> Your goal: In the listing below, pick out lines with "Mechanical".

::::::::::

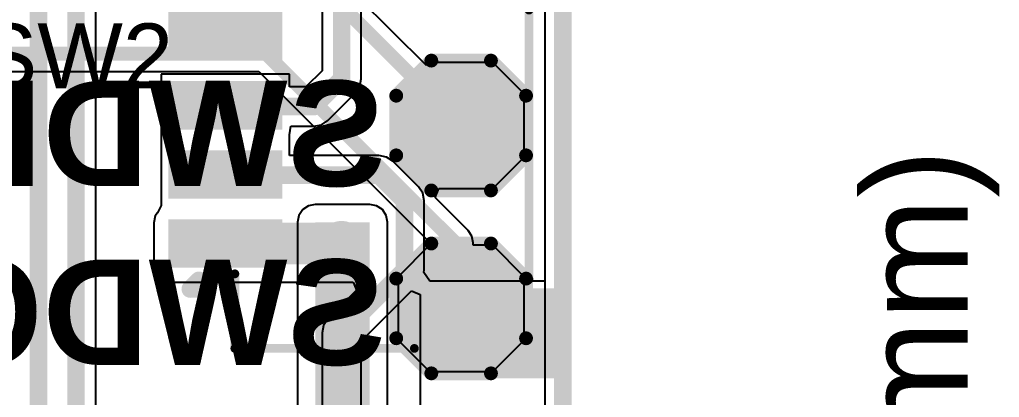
# Model space of a CAD drawing. Header units: inches. Extents: x -17 to 5374, y 0 to 5389.
# Drawn here: x 20 to 34.19, y 9.15 to 14.62 of the extents above; entities that cross this region are included whole.
import ezdxf

# ---------------------------------------------------------------- set-up
doc = ezdxf.new("R2010")
doc.units = ezdxf.units.IN
for name, color, linetype in [('BoardCutout', 216, 'Continuous'), ('Bottom Layer', 5, 'Continuous'), ('Bottom Overlay', 54, 'Continuous'), ('Bottom Paste', 16, 'Continuous'), ('Bottom Solder', 6, 'Continuous'), ('Mechanical 1', 6, 'Continuous'), ('Top Layer', 1, 'Continuous'), ('Top Overlay', 2, 'Continuous'), ('Top Paste', 8, 'Continuous'), ('Top Solder', 216, 'Continuous'), ('Via Holes', 16, 'Continuous')]:
    doc.layers.add(name, color=color, linetype=linetype)
doc.styles.add('Arial', font='', dxfattribs={"height": 0.2})
doc.styles.add('Arial_Bold', font='', dxfattribs={"height": 0.2})
doc.styles.get('Arial').set_extended_font_data('Arial')
doc.styles.get('Arial_Bold').set_extended_font_data('Arial', bold=True)

# ---------------------------------------------------------------- blocks, each defined once
blk = doc.blocks.new('SM04B_SRSS_TB_LF__SN__6')
at = {"layer": 'Top Layer'}
for points in [[(-1.8, 2.713), (-1.2, 2.713), (-1.2, 1.163), (-1.8, 1.163)], [(-0.8, 2.713), (-0.2, 2.713), (-0.2, 1.163), (-0.8, 1.163)], [(0.2, 2.713), (0.8, 2.713), (0.8, 1.163), (0.2, 1.163)], [(1.2, 2.713), (1.8, 2.713), (1.8, 1.163), (1.2, 1.163)], [(-3.4, -1.038), (-2.2, -1.038), (-2.2, -2.838), (-3.4, -2.838)], [(2.2, -1.038), (3.4, -1.038), (3.4, -2.838), (2.2, -2.838)]]:
    blk.add_hatch(color=1, dxfattribs=at).paths.add_polyline_path(points)
at = {"layer": 'Top Paste'}
for points in [[(-1.8, 2.713), (-1.2, 2.713), (-1.2, 1.163), (-1.8, 1.163)], [(-0.8, 2.713), (-0.2, 2.713), (-0.2, 1.163), (-0.8, 1.163)], [(0.2, 2.713), (0.8, 2.713), (0.8, 1.163), (0.2, 1.163)], [(1.2, 2.713), (1.8, 2.713), (1.8, 1.163), (1.2, 1.163)], [(-3.4, -1.038), (-2.2, -1.038), (-2.2, -2.838), (-3.4, -2.838)], [(2.2, -1.038), (3.4, -1.038), (3.4, -2.838), (2.2, -2.838)]]:
    blk.add_hatch(color=8, dxfattribs=at).paths.add_polyline_path(points)
at = {"layer": 'Top Solder'}
for points in [[(-1.851, 2.764), (-1.149, 2.764), (-1.149, 1.112), (-1.851, 1.112)], [(-0.851, 2.764), (-0.149, 2.764), (-0.149, 1.112), (-0.851, 1.112)], [(0.15, 2.763), (0.851, 2.763), (0.851, 1.112), (0.15, 1.112)], [(1.15, 2.763), (1.851, 2.763), (1.851, 1.112), (1.15, 1.112)], [(-3.451, -0.987), (-2.149, -0.987), (-2.149, -2.888), (-3.451, -2.888)], [(2.149, -0.987), (3.451, -0.987), (3.451, -2.889), (2.149, -2.889)]]:
    blk.add_hatch(color=216, dxfattribs=at).paths.add_polyline_path(points)
at = {"layer": 'Top Overlay'}
for points, const_width in [([(-2.16, 2.446), (-2.033, 2.319)], 0.254), ([(-2.16, 2.446), (-2.16, 2.192)], 0.254), ([(-2.033, 2.319), (-2.16, 2.192)], 0.254), ([(-3.02, 1.8), (-3.02, -0.8)], 0.127), ([(-3.02, 1.8), (-1.94, 1.8)], 0.127), ([(2.04, 1.8), (2.96, 1.8)], 0.127), ([(2.96, 1.8), (2.96, -0.807)], 0.127), ([(-2.02, -2.46), (1.88, -2.46)], 0.127)]:
    blk.add_lwpolyline(points, dxfattribs=dict(at, const_width=const_width))
for points, const_width in [([(-2.224, 2.446, 1), (-2.097, 2.446, 1)], 0.127), ([(-2.224, 2.446, 1), (-2.097, 2.446, 1)], 0.127), ([(-2.097, 2.319, 1), (-1.97, 2.319, 1)], 0.127), ([(-2.097, 2.319, 1), (-1.97, 2.319, 1)], 0.127), ([(-2.224, 2.192, 1), (-2.097, 2.192, 1)], 0.127), ([(-2.224, 2.192, 1), (-2.097, 2.192, 1)], 0.127), ([(-3.052, 1.8, 1), (-2.988, 1.8, 1)], 0.0635), ([(-3.052, 1.8, 1), (-2.988, 1.8, 1)], 0.0635), ([(-1.972, 1.8, 1), (-1.908, 1.8, 1)], 0.0635), ([(2.008, 1.8, 1), (2.072, 1.8, 1)], 0.0635), ([(2.928, 1.8, 1), (2.992, 1.8, 1)], 0.0635), ([(2.928, 1.8, 1), (2.992, 1.8, 1)], 0.0635), ([(-3.052, -0.8, 1), (-2.988, -0.8, 1)], 0.0635), ([(2.928, -0.807, 1), (2.992, -0.807, 1)], 0.0635), ([(-2.052, -2.46, 1), (-1.988, -2.46, 1)], 0.0635), ([(1.848, -2.46, 1), (1.912, -2.46, 1)], 0.0635)]:
    blk.add_lwpolyline(points, format="xyb", close=True, dxfattribs=dict(at, const_width=const_width))
blk = doc.blocks.new('T__________B_14')
at = {"layer": 'Bottom Layer'}
blk.add_hatch(color=5, dxfattribs=at).paths.add_polyline_path([(0.381, 0.762), (-0.381, 0.762), (-0.762, 0.381), (-0.762, -0.381), (-0.381, -0.762), (0.381, -0.762), (0.762, -0.381), (0.762, 0.381)])
at = {"layer": 'Bottom Paste'}
blk.add_hatch(color=16, dxfattribs=at).paths.add_polyline_path([(0.381, 0.762), (-0.381, 0.762), (-0.762, 0.381), (-0.762, -0.381), (-0.381, -0.762), (0.381, -0.762), (0.762, -0.381), (0.762, 0.381)])
at = {"layer": 'Bottom Solder'}
blk.add_hatch(color=6, dxfattribs=at).paths.add_polyline_path([(0.432, 0.864), (-0.432, 0.864), (-0.864, 0.432), (-0.864, -0.432), (-0.432, -0.864), (0.432, -0.864), (0.864, -0.432), (0.864, 0.432)])
at = {"layer": 'Bottom Overlay', "const_width": 0.2}
for points in [[(-0.94, 0.432), (-0.432, 0.94)], [(-0.432, 0.94), (0.432, 0.94)], [(0.432, 0.94), (0.94, 0.432)], [(-0.94, -0.432), (-0.94, 0.432)], [(0.94, -0.432), (0.94, 0.432)], [(-0.94, -0.432), (-0.432, -0.94)], [(0.432, -0.94), (0.94, -0.432)], [(-0.432, -0.94), (0.432, -0.94)]]:
    blk.add_lwpolyline(points, dxfattribs=at)
at = {"layer": 'Bottom Overlay', "const_width": 0.1}
for points in [[(-0.482, 0.94, 1), (-0.382, 0.94, 1)], [(-0.482, 0.94, 1), (-0.382, 0.94, 1)], [(0.382, 0.94, 1), (0.482, 0.94, 1)], [(0.382, 0.94, 1), (0.482, 0.94, 1)], [(-0.99, 0.432, 1), (-0.89, 0.432, 1)], [(-0.99, 0.432, 1), (-0.89, 0.432, 1)], [(0.89, 0.432, 1), (0.99, 0.432, 1)], [(0.89, 0.432, 1), (0.99, 0.432, 1)], [(-0.99, -0.432, 1), (-0.89, -0.432, 1)], [(-0.99, -0.432, 1), (-0.89, -0.432, 1)], [(0.89, -0.432, 1), (0.99, -0.432, 1)], [(0.89, -0.432, 1), (0.99, -0.432, 1)], [(-0.482, -0.94, 1), (-0.382, -0.94, 1)], [(-0.482, -0.94, 1), (-0.382, -0.94, 1)], [(0.382, -0.94, 1), (0.482, -0.94, 1)], [(0.382, -0.94, 1), (0.482, -0.94, 1)]]:
    blk.add_lwpolyline(points, format="xyb", close=True, dxfattribs=at)
blk = doc.blocks.new('T__________B_15')
at = {"layer": 'Bottom Layer'}
blk.add_hatch(color=5, dxfattribs=at).paths.add_polyline_path([(0.381, 0.762), (-0.381, 0.762), (-0.762, 0.381), (-0.762, -0.381), (-0.381, -0.762), (0.381, -0.762), (0.762, -0.381), (0.762, 0.381)])
at = {"layer": 'Bottom Paste'}
blk.add_hatch(color=16, dxfattribs=at).paths.add_polyline_path([(0.381, 0.762), (-0.381, 0.762), (-0.762, 0.381), (-0.762, -0.381), (-0.381, -0.762), (0.381, -0.762), (0.762, -0.381), (0.762, 0.381)])
at = {"layer": 'Bottom Solder'}
blk.add_hatch(color=6, dxfattribs=at).paths.add_polyline_path([(0.432, 0.864), (-0.432, 0.864), (-0.864, 0.432), (-0.864, -0.432), (-0.432, -0.864), (0.432, -0.864), (0.864, -0.432), (0.864, 0.432)])
at = {"layer": 'Bottom Overlay', "const_width": 0.2}
for points in [[(-0.94, 0.432), (-0.432, 0.94)], [(-0.432, 0.94), (0.432, 0.94)], [(0.432, 0.94), (0.94, 0.432)], [(-0.94, -0.432), (-0.94, 0.432)], [(0.94, -0.432), (0.94, 0.432)], [(-0.94, -0.432), (-0.432, -0.94)], [(0.432, -0.94), (0.94, -0.432)], [(-0.432, -0.94), (0.432, -0.94)]]:
    blk.add_lwpolyline(points, dxfattribs=at)
at = {"layer": 'Bottom Overlay', "const_width": 0.1}
for points in [[(-0.482, 0.94, 1), (-0.382, 0.94, 1)], [(-0.482, 0.94, 1), (-0.382, 0.94, 1)], [(0.382, 0.94, 1), (0.482, 0.94, 1)], [(0.382, 0.94, 1), (0.482, 0.94, 1)], [(-0.99, 0.432, 1), (-0.89, 0.432, 1)], [(-0.99, 0.432, 1), (-0.89, 0.432, 1)], [(0.89, 0.432, 1), (0.99, 0.432, 1)], [(0.89, 0.432, 1), (0.99, 0.432, 1)], [(-0.99, -0.432, 1), (-0.89, -0.432, 1)], [(-0.99, -0.432, 1), (-0.89, -0.432, 1)], [(0.89, -0.432, 1), (0.99, -0.432, 1)], [(0.89, -0.432, 1), (0.99, -0.432, 1)], [(-0.482, -0.94, 1), (-0.382, -0.94, 1)], [(-0.482, -0.94, 1), (-0.382, -0.94, 1)], [(0.382, -0.94, 1), (0.482, -0.94, 1)], [(0.382, -0.94, 1), (0.482, -0.94, 1)]]:
    blk.add_lwpolyline(points, format="xyb", close=True, dxfattribs=at)

msp = doc.modelspace()

# ---------------------------------------------------------------- hatches: boundary and pattern name
at = {"layer": 'Bottom Layer'}
msp.add_hatch(color=5, dxfattribs=at).paths.add_polyline_path([(25.07, 1.93), (25.07, 11.685), (24.282, 11.685), (24.282, 1.93)])
h = msp.add_hatch(color=5, dxfattribs=at)
edge = h.paths.add_edge_path()
edge.add_arc((24.663, 11.378), 0.225, 0, 360)
at = {"layer": 'Bottom Solder'}
h = msp.add_hatch(color=6, dxfattribs=at)
edge = h.paths.add_edge_path()
edge.add_arc((24.663, 11.378), 0.327, 0, 360)
at = {"layer": 'Top Layer'}
msp.add_hatch(color=1, dxfattribs=at).paths.add_polyline_path([(22.204, 11.078), (25.01, 11.078), (25.01, 11.678), (22.204, 11.678)])
h = msp.add_hatch(color=1, dxfattribs=at)
edge = h.paths.add_edge_path()
edge.add_arc((24.663, 11.378), 0.225, 0, 360)
at = {"layer": 'Top Solder'}
h = msp.add_hatch(color=216, dxfattribs=at)
edge = h.paths.add_edge_path()
edge.add_arc((24.663, 11.378), 0.327, 0, 360)
at = {"layer": 'Via Holes'}
h = msp.add_hatch(color=7, dxfattribs=at)
edge = h.paths.add_edge_path()
edge.add_arc((24.663, 11.378), 0.15, 0, 360)

# ---------------------------------------------------------------- linework, layer by layer
at = {"layer": 'BoardCutout', "const_width": 0.254}
msp.add_lwpolyline([(27.866, 2.032), (27.866, 15.968)], dxfattribs=at)
at = {"layer": 'Bottom Layer'}
for p, q in [((27.607, 15.968), (27.607, 2.032)), ((25.891, 13.955), (24.899, 14.947)), ((25.937, 14.001), (25.891, 13.955)), ((26.851, 14.001), (25.937, 14.001)), ((27.308, 13.544), (26.851, 14.001)), ((19.478, 13.866), (23.463, 13.866)), ((23.463, 13.866), (25.949, 11.381)), ((27.308, 12.629), (27.308, 13.544)), ((26.851, 12.172), (27.308, 12.629)), ((26.017, 12.045), (26.07, 12.172)), ((26.07, 12.172), (26.851, 12.172)), ((24.183, 11.924), (24.099, 11.868)), ((24.282, 11.944), (24.183, 11.924)), ((25.07, 11.944), (24.282, 11.944)), ((25.169, 11.924), (25.07, 11.944)), ((25.253, 11.868), (25.169, 11.924)), ((26.494, 11.568), (26.017, 12.045)), ((24.043, 11.784), (24.023, 11.685)), ((24.099, 11.868), (24.043, 11.784)), ((25.309, 11.784), (25.253, 11.868)), ((25.329, 11.685), (25.309, 11.784)), ((24.023, 11.685), (24.023, 3.104)), ((25.329, 8.438), (25.329, 11.685)), ((26.55, 11.484), (26.494, 11.568)), ((25.949, 11.381), (25.937, 11.352)), ((26.57, 11.385), (26.55, 11.484)), ((26.57, 11.352), (26.57, 11.385)), ((25.937, 11.352), (25.48, 10.895)), ((26.851, 11.352), (26.57, 11.352)), ((27.308, 10.895), (26.851, 11.352)), ((25.48, 10.895), (25.48, 9.98)), ((27.308, 9.98), (27.308, 10.895)), ((25.48, 9.98), (25.937, 9.523)), ((26.851, 9.523), (27.308, 9.98)), ((25.937, 9.523), (26.851, 9.523))]:
    msp.add_line(p, q, dxfattribs=at)
at = {"layer": 'Bottom Layer', "const_width": 0.203}
for points in [[(24.716, 14.764), (26.394, 13.086)], [(19.067, 14.125), (23.57, 14.125)], [(23.57, 14.125), (26.311, 11.385)], [(26.311, 10.521), (26.311, 11.385)], [(26.311, 10.521), (26.394, 10.437)]]:
    msp.add_lwpolyline(points, dxfattribs=at)
at = {"layer": 'Bottom Layer', "const_width": 0.102}
for points in [[(23.519, 14.125, 1), (23.621, 14.125, 1)], [(23.519, 14.125, 1), (23.621, 14.125, 1)], [(26.343, 13.086, 1), (26.445, 13.086, 1)], [(26.26, 11.385, 1), (26.361, 11.385, 1)], [(26.26, 11.385, 1), (26.361, 11.385, 1)], [(26.26, 10.521, 1), (26.361, 10.521, 1)], [(26.26, 10.521, 1), (26.361, 10.521, 1)], [(26.343, 10.437, 1), (26.445, 10.437, 1)]]:
    msp.add_lwpolyline(points, format="xyb", close=True, dxfattribs=at)
at = {"layer": 'Top Layer'}
for p, q in [((24.379, 16.168), (24.379, 13.878)), ((24.948, 13.76), (24.948, 16.168)), ((21.102, 7.02), (21.102, 14.952)), ((27.607, 14.925), (27.607, 10.83)), ((23.907, 13.831), (22.052, 13.831)), ((22.052, 13.831), (22.052, 12.957)), ((23.907, 13.645), (23.907, 13.831)), ((24.379, 13.878), (24.145, 13.645)), ((24.145, 13.645), (23.907, 13.645)), ((24.865, 13.559), (24.927, 13.651)), ((24.927, 13.651), (24.948, 13.76)), ((24.465, 13.159), (24.865, 13.559)), ((24.865, 13.559), (24.865, 13.559)), ((23.907, 12.949), (23.928, 13.076)), ((23.928, 13.076), (24.263, 13.076)), ((24.263, 13.076), (24.372, 13.097)), ((24.263, 13.076), (24.263, 13.076)), ((24.372, 13.097), (24.465, 13.159)), ((22.052, 12.957), (22.052, 12.83)), ((23.907, 12.926), (23.907, 12.949)), ((23.907, 12.799), (23.907, 12.926)), ((22.052, 12.83), (22.052, 12.799)), ((22.052, 12.799), (22.052, 11.926)), ((23.907, 12.651), (23.907, 12.799)), ((25.203, 12.651), (23.907, 12.651)), ((25.312, 12.63), (25.203, 12.651)), ((25.203, 12.651), (25.203, 12.651)), ((25.404, 12.568), (25.312, 12.63)), ((25.776, 12.196), (25.404, 12.568)), ((25.837, 12.104), (25.776, 12.196)), ((25.776, 12.196), (25.776, 12.196)), ((25.859, 11.995), (25.837, 12.104)), ((22.052, 11.926), (21.995, 11.822)), ((25.859, 10.994), (25.859, 11.995)), ((25.859, 11.995), (25.859, 11.995)), ((21.995, 11.822), (21.965, 11.777)), ((21.965, 11.777), (21.945, 11.678)), ((21.945, 11.678), (21.945, 11.078)), ((21.945, 11.078), (21.965, 10.979)), ((21.965, 10.979), (22.021, 10.895)), ((25.852, 10.957), (25.859, 10.994)), ((25.94, 10.833), (25.852, 10.957)), ((25.859, 10.994), (25.859, 10.994)), ((22.021, 10.895), (22.105, 10.839)), ((22.105, 10.839), (22.204, 10.819)), ((22.204, 10.819), (24.831, 10.819)), ((24.831, 10.819), (24.879, 10.702)), ((25.946, 10.83), (25.94, 10.833)), ((27.607, 10.83), (25.946, 10.83)), ((24.879, 10.702), (24.462, 10.284)), ((24.948, 9.965), (25.676, 10.692)), ((25.676, 10.692), (25.803, 10.64)), ((25.803, 10.64), (25.803, 9.325)), ((24.462, 10.284), (24.4, 10.192)), ((24.4, 10.192), (24.379, 10.083)), ((24.379, 10.083), (24.379, 10.083)), ((24.379, 10.083), (24.379, 3.011)), ((24.948, 8.209), (24.948, 9.965)), ((25.803, 9.325), (25.803, 9.325)), ((25.803, 9.325), (25.803, 9.2)), ((25.803, 9.2), (25.803, 9.2)), ((25.803, 9.2), (25.803, 8.245))]:
    msp.add_line(p, q, dxfattribs=at)
for points, const_width in [([(24.663, 13.76), (24.663, 16.561)], 0.254), ([(20.817, 6.72), (20.817, 15.345)], 0.254), ([(20.273, 5.543), (20.273, 15.311)], 0.254), ([(24.263, 13.36), (24.663, 13.76)], 0.254), ([(22.972, 13.36), (24.263, 13.36)], 0.254), ([(22.954, 12.366), (25.203, 12.366)], 0.254), ([(25.203, 12.366), (25.574, 11.995)], 0.254), ([(25.574, 10.994), (25.574, 11.995)], 0.254), ([(22.954, 11.378), (24.054, 11.378)], 0.305), ([(24.663, 10.083), (25.574, 10.994)], 0.254), ([(24.663, 2.723), (24.663, 10.083)], 0.254)]:
    msp.add_lwpolyline(points, dxfattribs=dict(at, const_width=const_width))
for points, const_width in [([(24.6, 13.76, 1), (24.727, 13.76, 1)], 0.127), ([(24.6, 13.76, 1), (24.727, 13.76, 1)], 0.127), ([(22.909, 13.36, 1), (23.036, 13.36, 1)], 0.127), ([(24.2, 13.36, 1), (24.327, 13.36, 1)], 0.127), ([(24.2, 13.36, 1), (24.327, 13.36, 1)], 0.127), ([(22.89, 12.366, 1), (23.017, 12.366, 1)], 0.127), ([(25.139, 12.366, 1), (25.266, 12.366, 1)], 0.127), ([(25.139, 12.366, 1), (25.266, 12.366, 1)], 0.127), ([(25.511, 11.995, 1), (25.638, 11.995, 1)], 0.127), ([(25.511, 11.995, 1), (25.638, 11.995, 1)], 0.127), ([(22.878, 11.378, 1), (23.03, 11.378, 1)], 0.152), ([(23.978, 11.378, 1), (24.13, 11.378, 1)], 0.152), ([(25.511, 10.994, 1), (25.638, 10.994, 1)], 0.127), ([(25.511, 10.994, 1), (25.638, 10.994, 1)], 0.127), ([(24.6, 10.083, 1), (24.727, 10.083, 1)], 0.127), ([(24.6, 10.083, 1), (24.727, 10.083, 1)], 0.127)]:
    msp.add_lwpolyline(points, format="xyb", close=True, dxfattribs=dict(at, const_width=const_width))

# ---------------------------------------------------------------- block references
at = {"rotation": 90}
msp.add_blockref('SM04B_SRSS_TB_LF__SN__6', (24.917, 12.878), dxfattribs=at)
for name, p in [('T__________B_15', (26.394, 13.086)), ('T__________B_14', (26.394, 10.437))]:
    msp.add_blockref(name, p)

# ---------------------------------------------------------------- texts
at = {"layer": 'Bottom Overlay', "style": 'Arial_Bold', "text_generation_flag": 2}
for s, p in [('SWDIO', (25.298, 12.21)), ('SWDCLK', (25.298, 9.62))]:
    msp.add_text(s, height=1.524, rotation=360, dxfattribs=at).set_placement(p)
at = {"layer": 'Mechanical 1', "style": 'Arial'}
msp.add_text('18.00 (mm)', height=1.524, rotation=90, dxfattribs=at).set_placement((33.731, 1.865))
at = {"layer": 'Top Overlay', "style": 'Arial'}
msp.add_text('SW2', height=0.9398, dxfattribs=at).set_placement((19.38, 13.624))

doc.saveas('drawing.dxf')

::::::::::

> Answer section:
for name, color, linetype in [('BoardCutout', 216, 'Continuous'), ('Bottom Layer', 5, 'Continuous'), ('Bottom Overlay', 54, 'Continuous'), ('Bottom Paste', 16, 'Continuous'), ('Bottom Solder', 6, 'Continuous'), ('Mechanical 1', 6, 'Continuous'), ('Top Layer', 1, 'Continuous'), ('Top Overlay', 2, 'Continuous'), ('Top Paste', 8, 'Continuous'), ('Top Solder', 216, 'Continuous'), ('Via Holes', 16, 'Continuous')]:
at = {"layer": 'Mechanical 1', "style": 'Arial'}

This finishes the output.